Exercise brief:
Compute how many lines in the records below contain the string "size" and give that number without other output.

[Opening Source data section]

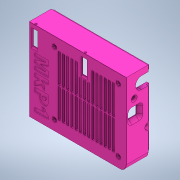
# Autodesk Inventor part: Rambo Case P1.0
Saved by Autodesk Inventor 2020.3 (Build 243373010, 373A)
## iProperties
Created: 2019-12-21
Part Number: Rambo Case P1.0
Material: Generic
Document SubType Name: Modeling
Designer: pepd9
Density: 1 g/cm^3
Appearance: Default
Author: pepd9
Autodesk Inventor part; units mm, degrees
(part 1 of 2)
ref_plane "YZ Plane" through (0, 0, 0) normal (1, 0, 0) x (0, 1, 0)
ref_plane "XZ Plane" through (0, 0, 0) normal (0, 1, 0) x (-1, 0, 0)
ref_plane "Work Plane1" through (0, 0, 3) normal (0, 0, 1) x (1, 0, 0)
sketch "Sketch1" plane through (0, 0, 3) normal (0, 0, 1) x (1, 0, 0)
  circle A0 centre (48.26, 47.625) radius 1.5 construction
  circle A1 centre (48.26, -47.625) radius 1.5 construction
  circle A2 centre (-48.26, -47.625) radius 1.5 construction
  circle A3 centre (-48.26, 47.625) radius 1.5 construction
  line L0 (60.26, 61.625) -> (-86.26, 61.625)
  line L1 (-86.26, 61.625) -> (-86.26, -62.625)
  line L2 (-86.26, -62.625) -> (60.26, -62.625)
  line L3 (60.26, -62.625) -> (60.26, 61.625)
  point P0 (0, 0)
  dimension "d1" = 14
  dimension "d2" = 12
  dimension "d3" = 38
  dimension "d4" = 15
  constraints: 8 end point, 2 parallel, 1 horizontal, 1 perpendicular
  measures "d1" distance from line of L0 A0.centre
  measures "d2" distance from line of L3 A0.centre
  measures "d3" distance from line of L1 A3.centre
  measures "d4" distance from line of L2 A1.centre
extrude "Extrusion1" add sketch "Sketch1" along normal blind 3
sketch "Sketch2" plane through (0, 0, 3) normal (0, 0, -1) x (-1, 0, 0)
  line L0 (-60.26, -62.625) -> (-60.26, 61.625) projected
  line L1 (86.26, -62.625) -> (-60.26, -62.625) projected
  line L2 (86.26, 61.625) -> (86.26, -62.625) projected
  line L3 (-60.26, 61.625) -> (86.26, 61.625) projected
  line L4 (-60.26, -62.625) -> (-60.26, 61.625) projected
  line L5 (86.26, -62.625) -> (-60.26, -62.625) projected
  line L6 (-60.26, 61.625) -> (-54.26, 61.625)
  line L7 (-54.26, 61.625) -> (-54.26, -62.625)
  line L8 (-54.26, -62.625) -> (-60.26, -62.625)
  line L9 (-60.26, -62.625) -> (-60.26, 61.625)
  line L10 (-54.26, -62.625) -> (86.26, -62.625)
  line L11 (86.26, -62.625) -> (86.26, -56.625)
  line L12 (86.26, -56.625) -> (-54.26, -56.625)
  line L13 (-54.26, -56.625) -> (-54.26, -62.625)
  line L14 (86.26, 61.625) -> (86.26, -62.625) projected
  line L15 (-54.26, 61.625) -> (86.26, 61.625)
  line L16 (86.26, 61.625) -> (86.26, 55.625)
  line L17 (86.26, 55.625) -> (-54.26, 55.625)
  line L18 (-54.26, 55.625) -> (-54.26, 61.625)
  point P0 (0, 0)
  dimension "d7" = 6
  dimension "d10" = 6
  dimension "d11" = 6
  constraints: 24 end point, 6 parallel, 3 horizontal, 3 perpendicular, 3 point on line
  measures "d7" distance of L7.end L8.end
  measures "d10" distance of L11.end L10.end
  measures "d11" distance of L15.end L16.end
extrude "Extrusion2" add sketch "Sketch2" along normal blind 30 contours L0 L3 L7 L1 | L7 L12 L2 L1 | L3 L2 L17 L7
sketch "Sketch3" plane through (0, 0, 3) normal (0, 0, -1) x (-1, 0, 0)
  circle A0 centre (-48.26, -47.625) radius 1.5 construction
  circle A1 centre (-48.26, 47.625) radius 1.5 construction
  circle A2 centre (48.26, -47.625) radius 1.5 construction
  circle A3 centre (48.26, 47.625) radius 1.5 construction
  line L0 (-52.26, -45.3156) -> (-48.26, -43.0062)
  line L1 (-48.26, -43.0062) -> (-44.26, -45.3156)
  line L2 (-44.26, -45.3156) -> (-44.26, -49.9344)
  line L3 (-44.26, -49.9344) -> (-48.26, -52.2438)
  line L4 (-48.26, -52.2438) -> (-52.26, -49.9344)
  line L5 (-52.26, -49.9344) -> (-52.26, -45.3156)
  line L6 (-52.26, 49.9344) -> (-48.26, 52.2438)
  line L7 (-48.26, 52.2438) -> (-44.26, 49.9344)
  line L8 (-44.26, 49.9344) -> (-44.26, 45.3156)
  line L9 (-44.26, 45.3156) -> (-48.26, 43.0062)
  line L10 (-48.26, 43.0062) -> (-52.26, 45.3156)
  line L11 (-52.26, 45.3156) -> (-52.26, 49.9344)
  line L12 (44.26, 49.9344) -> (48.26, 52.2438)
  line L13 (48.26, 52.2438) -> (52.26, 49.9344)
  line L14 (52.26, 49.9344) -> (52.26, 45.3156)
  line L15 (52.26, 45.3156) -> (48.26, 43.0062)
  line L16 (48.26, 43.0062) -> (44.26, 45.3156)
  line L17 (44.26, 45.3156) -> (44.26, 49.9344)
  line L18 (44.26, -45.3156) -> (48.26, -43.0062)
  line L19 (48.26, -43.0062) -> (52.26, -45.3156)
  line L20 (52.26, -45.3156) -> (52.26, -49.9344)
  line L21 (52.26, -49.9344) -> (48.26, -52.2438)
  line L22 (48.26, -52.2438) -> (44.26, -49.9344)
  line L23 (44.26, -49.9344) -> (44.26, -45.3156)
  point P0 (0, 0)
  point P1 (44.26, -47.625)
  dimension "d12" = 8
  dimension "d13" = 8
  dimension "d14" = 8
  dimension "d15" = 8
  constraints: 48 end point, 4 coincident, 3 vertical, 1 midpoint, 1 point on line, 52 other
  measures "d12" distance between parallel lines of L20 L23
  measures "d13" distance between parallel lines of L17 L14
  measures "d14" distance between parallel lines of L8 L11
  measures "d15" distance between parallel lines of L5 L2
extrude "Extrusion3" add sketch "Sketch3" along normal blind 4
sketch "Sketch4" plane through (0, 0, -1) normal (0, 0, -1) x (-1, 0, 0)
  circle A0 centre (-48.26, -47.625) radius 1.5 projected
  circle A1 centre (-48.26, 47.625) radius 1.5 projected
  circle A2 centre (48.26, 47.625) radius 1.5 projected
  circle A3 centre (48.26, -47.625) radius 1.5 projected
  point P0 (0, 0)
hole "Hole1" at (48.26, -47.625, -1) at (48.26, 47.625, -1) at (-48.26, 47.625, -1) at (-48.26, -47.625, -1) direction (0, 0, 1) diameter 3.2 end through all clearance for "Socket Head Cap Screw" size "M3" standard "Ansi Metric M Profile"
sketch "Sketch5" plane through (60.26, -62.625, 6) normal (1, 0, 0) x (0, 0, -1)
  arc A0 (8.5, 75.51) -> (8, 75.01) centre (8.5, 75.01) ccw projected
  line L0 (8.5, 75.51) -> (18.7, 75.51) projected
  arc A1 (19.2, 75.01) -> (18.7, 75.51) centre (18.7, 75.01) ccw projected
  line L1 (19.2, 64.21) -> (19.2, 75.01) projected
  arc A2 (18.7, 63.71) -> (19.2, 64.21) centre (18.7, 64.21) ccw projected
  line L2 (8.5, 63.71) -> (18.7, 63.71) projected
  arc A3 (8, 64.21) -> (8.5, 63.71) centre (8.5, 64.21) ccw projected
  line L3 (8, 75.01) -> (8, 64.21) projected
  arc A4 (7.4, 64.21) -> (8.5, 63.11) centre (8.5, 64.21) ccw
  line L4 (8.5, 63.11) -> (18.7, 63.11)
  arc A5 (18.7, 63.11) -> (19.8, 64.21) centre (18.7, 64.21) ccw
  line L5 (19.8, 64.21) -> (19.8, 75.01)
  arc A6 (19.8, 75.01) -> (18.7, 76.11) centre (18.7, 75.01) ccw
  line L6 (18.7, 76.11) -> (8.5, 76.11)
  arc A7 (8.5, 76.11) -> (7.4, 75.01) centre (8.5, 75.01) ccw
  line L7 (7.4, 75.01) -> (7.4, 64.21)
  point P0 (6, 62.625)
  dimension "d25" = 0.6
  constraints: 8 end point, 8 point on circle, 4 centre point, 7 other
  measures "d25" distance between parallel lines of L3 L7
extrude "Extrusion4" cut sketch "Sketch5" against normal up to surface (6 mm away) contours L0 A1 L1 A2 L2 A3 L3 A0 | L7 A7 L6 A6 L5 A5 L4 A4
sketch "Sketch6" plane through (60.26, -62.625, 6) normal (1, 0, 0) x (0, 0, -1)
  circle A0 centre (12, 90.819) radius 1.27
  line L0 (0, 0) -> (0, 124.25) projected
  point P0 (6, 62.625)
  dimension "d106" = 2.54
  dimension "d107" = 12
  constraints: 1 centre point
  measures "d106" diameter of A0
  measures "d107" distance from line of L0 A0.centre
hole "Hole2" at (60.26, 28.194, -6) direction (-1, 0, 0) diameter 5 end through all
chamfer "Chamfer2" distance 2 angle 45 1 edges at (60.26, 28.194, -3.5)
sketch "Sketch7" plane through (-86.26, 55.625, 3) normal (0, -1, 0) x (1, 0, 0)
  circle A0 centre (82.9724, 1) radius 1.1 projected
  circle A1 centre (8.1724, 1) radius 1.1 projected
  circle A2 centre (8.1724, 1) radius 1.1 projected
  point P0 (86.26, -3)
hole "Hole3" at (-3.2876, 55.625, 4) at (-78.0876, 55.625, 4) direction (0, 1, 0) diameter 3.2 end through all clearance for "Socket Head Cap Screw" size "M3" standard "Ansi Metric M Profile"
sketch "Sketch8" plane through (-86.26, 55.625, -27) normal (0, -1, 0) x (1, 0, 0)
  arc A0 (81.7234, 30) -> (84.2214, 30) centre (82.9724, 31) ccw projected
  arc A1 (6.9234, 30) -> (9.4214, 30) centre (8.1724, 31) ccw projected
  point P0 (86.26, 27)
  point P1 (5.1724, 31)
hole "Hole4" at (-3.2876, 55.625, 4) at (-78.0876, 55.625, 4) direction (0, -1, 0) diameter 10 depth 25
sketch "Sketch9" plane through (0, 0, 6) normal (0, 0, 1) x (1, 0, 0)
  line L0 (1.295, 55.625) -> (1.295, 30.625) projected
  line L1 (1.295, 30.625) -> (-7.8702, 30.625) projected
  line L2 (-7.8702, 30.625) -> (-7.8702, 55.625) projected
  line L3 (-7.8702, 55.625) -> (1.295, 55.625) projected
  line L4 (-73.505, 55.625) -> (-73.505, 30.625) projected
  line L5 (-73.505, 30.625) -> (-82.6702, 30.625) projected
  line L6 (-82.6702, 30.625) -> (-82.6702, 55.625) projected
  line L7 (-82.6702, 55.625) -> (-73.505, 55.625) projected
  circle A0 centre (-48.26, 47.625) radius 1.6 projected
  circle A1 centre (48.26, -47.625) radius 1.6 projected
  circle A2 centre (48.26, 47.625) radius 1.6 projected
  circle A3 centre (-48.26, -47.625) radius 1.6 projected
  line L8 (60.26, 61.625) -> (-86.26, 61.625) projected
  line L9 (-86.26, 61.625) -> (-86.26, -62.625) projected
  line L10 (-86.26, -62.625) -> (60.26, -62.625) projected
  line L11 (60.26, -62.625) -> (60.26, 61.625) projected
  line L12 (51.01, 46.0373) -> (48.26, 44.4496)
  line L13 (48.26, 44.4496) -> (45.51, 46.0373)
  line L14 (45.51, 46.0373) -> (45.51, 49.2127)
  line L15 (45.51, 49.2127) -> (48.26, 50.8004)
  line L16 (48.26, 50.8004) -> (51.01, 49.2127)
  line L17 (51.01, 49.2127) -> (51.01, 46.0373)
  line L18 (51.01, -49.2127) -> (48.26, -50.8004)
  line L19 (48.26, -50.8004) -> (45.51, -49.2127)
  line L20 (45.51, -49.2127) -> (45.51, -46.0373)
  line L21 (45.51, -46.0373) -> (48.26, -44.4496)
  line L22 (48.26, -44.4496) -> (51.01, -46.0373)
  line L23 (51.01, -46.0373) -> (51.01, -49.2127)
  circle A4 centre (-48.26, -47.625) radius 1.6 projected
  line L24 (-45.51, -49.2127) -> (-48.26, -50.8004)
  line L25 (-48.26, -50.8004) -> (-51.01, -49.2127)
  line L26 (-51.01, -49.2127) -> (-51.01, -46.0373)
  line L27 (-51.01, -46.0373) -> (-48.26, -44.4496)
  line L28 (-48.26, -44.4496) -> (-45.51, -46.0373)
  line L29 (-45.51, -46.0373) -> (-45.51, -49.2127)
  line L30 (-45.51, 46.0373) -> (-48.26, 44.4496)
  line L31 (-48.26, 44.4496) -> (-51.01, 46.0373)
  line L32 (-51.01, 46.0373) -> (-51.01, 49.2127)
  line L33 (-51.01, 49.2127) -> (-48.26, 50.8004)
  line L34 (-48.26, 50.8004) -> (-45.51, 49.2127)
  line L35 (-45.51, 49.2127) -> (-45.51, 46.0373)
  point P0 (0, 0)
  point P1 (-45.51, 47.625)
  dimension "d55" = 5.5
  dimension "d56" = 5.5
  dimension "d57" = 5.5
  constraints: 48 end point, 4 coincident, 4 vertical, 1 midpoint, 1 point on line, 52 other
  measures "d55" distance between parallel lines of L17 L14
  measures "d56" distance between parallel lines of L20 L23
  measures "d57" distance between parallel lines of L26 L29
extrude "Extrusion5" cut sketch "Sketch9" against normal blind 3 contours L12 L13 L14 L15 L16 L17 | L18 L19 L20 L21 L22 L23 | L24 L25 L26 L27 L28 L29 | L30 L31 L32 L33 L34 L35
sketch "Sketch10" plane through (0, 0, 6) normal (0, 0, 1) x (1, 0, 0)
  line L0 (-4, 45.0147) -> (-1, 45.0147)
  line L1 (-1, 45.0147) -> (-1, -44.9853)
  line L2 (-1, -44.9853) -> (-4, -44.9853)
  line L3 (-4, -44.9853) -> (-4, 45.0147)
  line L4 (-4, 45.0147) -> (-1, -44.9853) construction
  line L5 (-1, 45.0147) -> (-4, -44.9853) construction
  line L6 (45.51, -46.0373) -> (48.26, -44.4496) projected
  line L7 (48.26, -44.4496) -> (51.01, -46.0373) projected
  line L8 (51.01, -46.0373) -> (51.01, -49.2127) projected
  line L9 (51.01, -49.2127) -> (48.26, -50.8004) projected
  line L10 (48.26, -50.8004) -> (45.51, -49.2127) projected
  line L11 (45.51, -49.2127) -> (45.51, -46.0373) projected
  line L12 (-48.26, -50.8004) -> (-51.01, -49.2127) projected
  line L13 (-51.01, -49.2127) -> (-51.01, -46.0373) projected
  line L14 (-51.01, -46.0373) -> (-48.26, -44.4496) projected
  line L15 (-48.26, -44.4496) -> (-45.51, -46.0373) projected
  line L16 (-45.51, -46.0373) -> (-45.51, -49.2127) projected
  line L17 (-45.51, -49.2127) -> (-48.26, -50.8004) projected
  line L18 (48.26, 44.4496) -> (45.51, 46.0373) projected
  line L19 (45.51, 46.0373) -> (45.51, 49.2127) projected
  line L20 (45.51, 49.2127) -> (48.26, 50.8004) projected
  line L21 (48.26, 50.8004) -> (51.01, 49.2127) projected
  line L22 (51.01, 49.2127) -> (51.01, 46.0373) projected
  line L23 (51.01, 46.0373) -> (48.26, 44.4496) projected
  line L24 (-45.51, 49.2127) -> (-45.51, 46.0373) projected
  line L25 (-45.51, 46.0373) -> (-48.26, 44.4496) projected
  line L26 (-48.26, 44.4496) -> (-51.01, 46.0373) projected
  line L27 (-51.01, 46.0373) -> (-51.01, 49.2127) projected
  line L28 (-51.01, 49.2127) -> (-48.26, 50.8004) projected
  line L29 (-48.26, 50.8004) -> (-45.51, 49.2127) projected
  line L30 (1.295, 55.625) -> (1.295, 30.625) projected
  line L31 (1.295, 30.625) -> (-7.8702, 30.625) projected
  line L32 (-7.8702, 30.625) -> (-7.8702, 55.625) projected
  line L33 (-7.8702, 55.625) -> (1.295, 55.625) projected
  line L34 (-73.505, 55.625) -> (-73.505, 30.625) projected
  line L35 (-73.505, 30.625) -> (-82.6702, 30.625) projected
  line L36 (-82.6702, 30.625) -> (-82.6702, 55.625) projected
  line L37 (-82.6702, 55.625) -> (-73.505, 55.625) projected
  line L38 (60.26, 61.625) -> (-86.26, 61.625) projected
  line L39 (-86.26, 61.625) -> (-86.26, -62.625) projected
  line L40 (-86.26, -62.625) -> (60.26, -62.625) projected
  line L41 (60.26, -62.625) -> (60.26, 61.625) projected
  line L42 (5.295, 26.625) -> (5.295, 59.625)
  line L43 (5.295, 59.625) -> (-11.8702, 59.625)
  line L44 (-11.8702, 59.625) -> (-11.8702, 26.625)
  line L45 (-11.8702, 26.625) -> (5.295, 26.625)
  line L46 (2.2, 45.0147) -> (5.2, 45.0147)
  line L47 (2.2, -44.9853) -> (2.2, 45.0147)
  line L48 (5.2, 45.0147) -> (5.2, -44.9853)
  line L49 (5.2, -44.9853) -> (2.2, -44.9853)
  line L50 (8.4, 45.0147) -> (11.4, 45.0147)
  line L51 (8.4, -44.9853) -> (8.4, 45.0147)
  line L52 (11.4, 45.0147) -> (11.4, -44.9853)
  line L53 (11.4, -44.9853) -> (8.4, -44.9853)
  line L54 (14.6, 45.0147) -> (17.6, 45.0147)
  line L55 (14.6, -44.9853) -> (14.6, 45.0147)
  line L56 (17.6, 45.0147) -> (17.6, -44.9853)
  line L57 (17.6, -44.9853) -> (14.6, -44.9853)
  line L58 (20.8, 45.0147) -> (23.8, 45.0147)
  line L59 (20.8, -44.9853) -> (20.8, 45.0147)
  line L60 (23.8, 45.0147) -> (23.8, -44.9853)
  line L61 (23.8, -44.9853) -> (20.8, -44.9853)
  line L62 (27, 45.0147) -> (30, 45.0147)
  line L63 (27, -44.9853) -> (27, 45.0147)
  line L64 (30, 45.0147) -> (30, -44.9853)
  line L65 (30, -44.9853) -> (27, -44.9853)
  line L66 (33.2, 45.0147) -> (36.2, 45.0147)
  line L67 (33.2, -44.9853) -> (33.2, 45.0147)
  line L68 (36.2, 45.0147) -> (36.2, -44.9853)
  line L69 (36.2, -44.9853) -> (33.2, -44.9853)
  line L70 (39.4, 45.0147) -> (42.4, 45.0147)
  line L71 (39.4, -44.9853) -> (39.4, 45.0147)
  line L72 (42.4, 45.0147) -> (42.4, -44.9853)
  line L73 (42.4, -44.9853) -> (39.4, -44.9853)
  line L74 (-10.4, -44.9853) -> (-10.4, 45.0147)
  line L75 (-7.4, 45.0147) -> (-7.4, -44.9853)
  line L76 (-10.4, 45.0147) -> (-7.4, 45.0147)
  line L77 (-7.4, -44.9853) -> (-10.4, -44.9853)
  line L78 (-16.8, -44.9853) -> (-16.8, 45.0147)
  line L79 (-13.8, 45.0147) -> (-13.8, -44.9853)
  line L80 (-16.8, 45.0147) -> (-13.8, 45.0147)
  line L81 (-13.8, -44.9853) -> (-16.8, -44.9853)
  line L82 (-23.2, -44.9853) -> (-23.2, 45.0147)
  line L83 (-20.2, 45.0147) -> (-20.2, -44.9853)
  line L84 (-23.2, 45.0147) -> (-20.2, 45.0147)
  line L85 (-20.2, -44.9853) -> (-23.2, -44.9853)
  line L86 (-29.6, -44.9853) -> (-29.6, 45.0147)
  line L87 (-26.6, 45.0147) -> (-26.6, -44.9853)
  line L88 (-29.6, 45.0147) -> (-26.6, 45.0147)
  line L89 (-26.6, -44.9853) -> (-29.6, -44.9853)
  line L90 (-36, -44.9853) -> (-36, 45.0147)
  line L91 (-33, 45.0147) -> (-33, -44.9853)
  line L92 (-36, 45.0147) -> (-33, 45.0147)
  line L93 (-33, -44.9853) -> (-36, -44.9853)
  line L94 (-42.4, -44.9853) -> (-42.4, 45.0147)
  line L95 (-39.4, 45.0147) -> (-39.4, -44.9853)
  line L96 (-42.4, 45.0147) -> (-39.4, 45.0147)
  line L97 (-39.4, -44.9853) -> (-42.4, -44.9853)
  point P0 (-7.4, 26.625)
  point P1 (-10.4, 26.625)
  point P2 (-1, 26.625)
  point P3 (-4, 26.625)
  point P4 (4.1765, 45.0147)
  point P5 (2.2, 26.625)
  point P6 (5.2, 26.625)
  dimension "d60" = 3
  dimension "d61" = 90
  dimension "d62" = 4
  dimension "d65" = 6.2
  dimension "d72" = 6.4
  dimension "d77" = 3.11
  dimension "d78" = 1.0226
  constraints: 124 end point, 3 horizontal, 2 collinear, 2 parallel, 1 perpendicular, 105 other
  measures "d60" distance of L1.end L2.end
  measures "d61" distance of L0.end L1.end
  measures "d62" distance between parallel lines of L30 L42
  measures "d65" distance of L0.start L46.start
  measures "d72" distance of L2.end L74.start
  measures "d77" distance between parallel lines of L19 L72
  measures "d78" distance from line of L18.end L70
extrude "Extrusion6" cut sketch "Sketch10" against normal blind 3 contours L45 L1 L2 L3 | L75 L77 L74 L45 | L45 L48 L49 L47 | L50 L52 L53 L51 | L54 L56 L57 L55 | L58 L60 L61 L59 | L62 L64 L65 L63 | L66 L68 L69 L67 | L70 L72 L73 L71 | L78 L80 L79 L81 | L82 L84 L83 L85 | L86 L88 L87 L89 | L90 L92 L91 L93 | L94 L96 L95 L97
sketch "Sketch11" plane through (0, 0, 6) normal (0, 0, 1) x (1, 0, 0)
  line L0 (45.51, -46.0373) -> (48.26, -44.4496) projected
  line L1 (48.26, -44.4496) -> (51.01, -46.0373) projected
  line L2 (51.01, -46.0373) -> (51.01, -49.2127) projected
  line L3 (51.01, -49.2127) -> (48.26, -50.8004) projected
  line L4 (48.26, -50.8004) -> (45.51, -49.2127) projected
  line L5 (45.51, -49.2127) -> (45.51, -46.0373) projected
  line L6 (-48.26, -50.8004) -> (-51.01, -49.2127) projected
  line L7 (-51.01, -49.2127) -> (-51.01, -46.0373) projected
  line L8 (-51.01, -46.0373) -> (-48.26, -44.4496) projected
  line L9 (-48.26, -44.4496) -> (-45.51, -46.0373) projected
  line L10 (-45.51, -46.0373) -> (-45.51, -49.2127) projected
  line L11 (-45.51, -49.2127) -> (-48.26, -50.8004) projected
  line L12 (48.26, 44.4496) -> (45.51, 46.0373) projected
  line L13 (45.51, 46.0373) -> (45.51, 49.2127) projected
  line L14 (45.51, 49.2127) -> (48.26, 50.8004) projected
  line L15 (48.26, 50.8004) -> (51.01, 49.2127) projected
  line L16 (51.01, 49.2127) -> (51.01, 46.0373) projected
  line L17 (51.01, 46.0373) -> (48.26, 44.4496) projected
  line L18 (-45.51, 49.2127) -> (-45.51, 46.0373) projected
  line L19 (-45.51, 46.0373) -> (-48.26, 44.4496) projected
  line L20 (-48.26, 44.4496) -> (-51.01, 46.0373) projected
  line L21 (-51.01, 46.0373) -> (-51.01, 49.2127) projected
  line L22 (-51.01, 49.2127) -> (-48.26, 50.8004) projected
  line L23 (-48.26, 50.8004) -> (-45.51, 49.2127) projected
  line L24 (1.295, 55.625) -> (1.295, 30.625) projected
  line L25 (1.295, 30.625) -> (-7.8702, 30.625) projected
  line L26 (-7.8702, 30.625) -> (-7.8702, 55.625) projected
  line L27 (-7.8702, 55.625) -> (1.295, 55.625) projected
  line L28 (-73.505, 55.625) -> (-73.505, 30.625) projected
  line L29 (-73.505, 30.625) -> (-82.6702, 30.625) projected
  line L30 (-82.6702, 30.625) -> (-82.6702, 55.625) projected
  line L31 (-82.6702, 55.625) -> (-73.505, 55.625) projected
  line L32 (60.26, 61.625) -> (-86.26, 61.625) projected
  line L33 (-86.26, 61.625) -> (-86.26, -62.625) projected
  line L34 (-86.26, -62.625) -> (60.26, -62.625) projected
  line L35 (60.26, -62.625) -> (60.26, 61.625) projected
  line L36 (-42.4, 45.0147) -> (-42.4, -44.9853) projected
  line L37 (42.4, 1.2) -> (-42.4, 1.2)
  line L38 (-42.4, 1.2) -> (-42.4, -1.2)
  line L39 (-42.4, -1.2) -> (42.4, -1.2)
  line L40 (42.4, -1.2) -> (42.4, 1.2)
  line L41 (42.4, 1.2) -> (-42.4, -1.2) construction
  line L42 (-42.4, 1.2) -> (42.4, -1.2) construction
  point P0 (0, 0)
  dimension "d81" = 2.4
  constraints: 12 end point, 2 midpoint, 2 parallel, 1 horizontal, 1 perpendicular, 1 point on line
  measures "d81" distance of L38.end L37.end
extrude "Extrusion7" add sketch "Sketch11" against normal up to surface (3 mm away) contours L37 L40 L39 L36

[Closing Source data section]

Exercise output:
2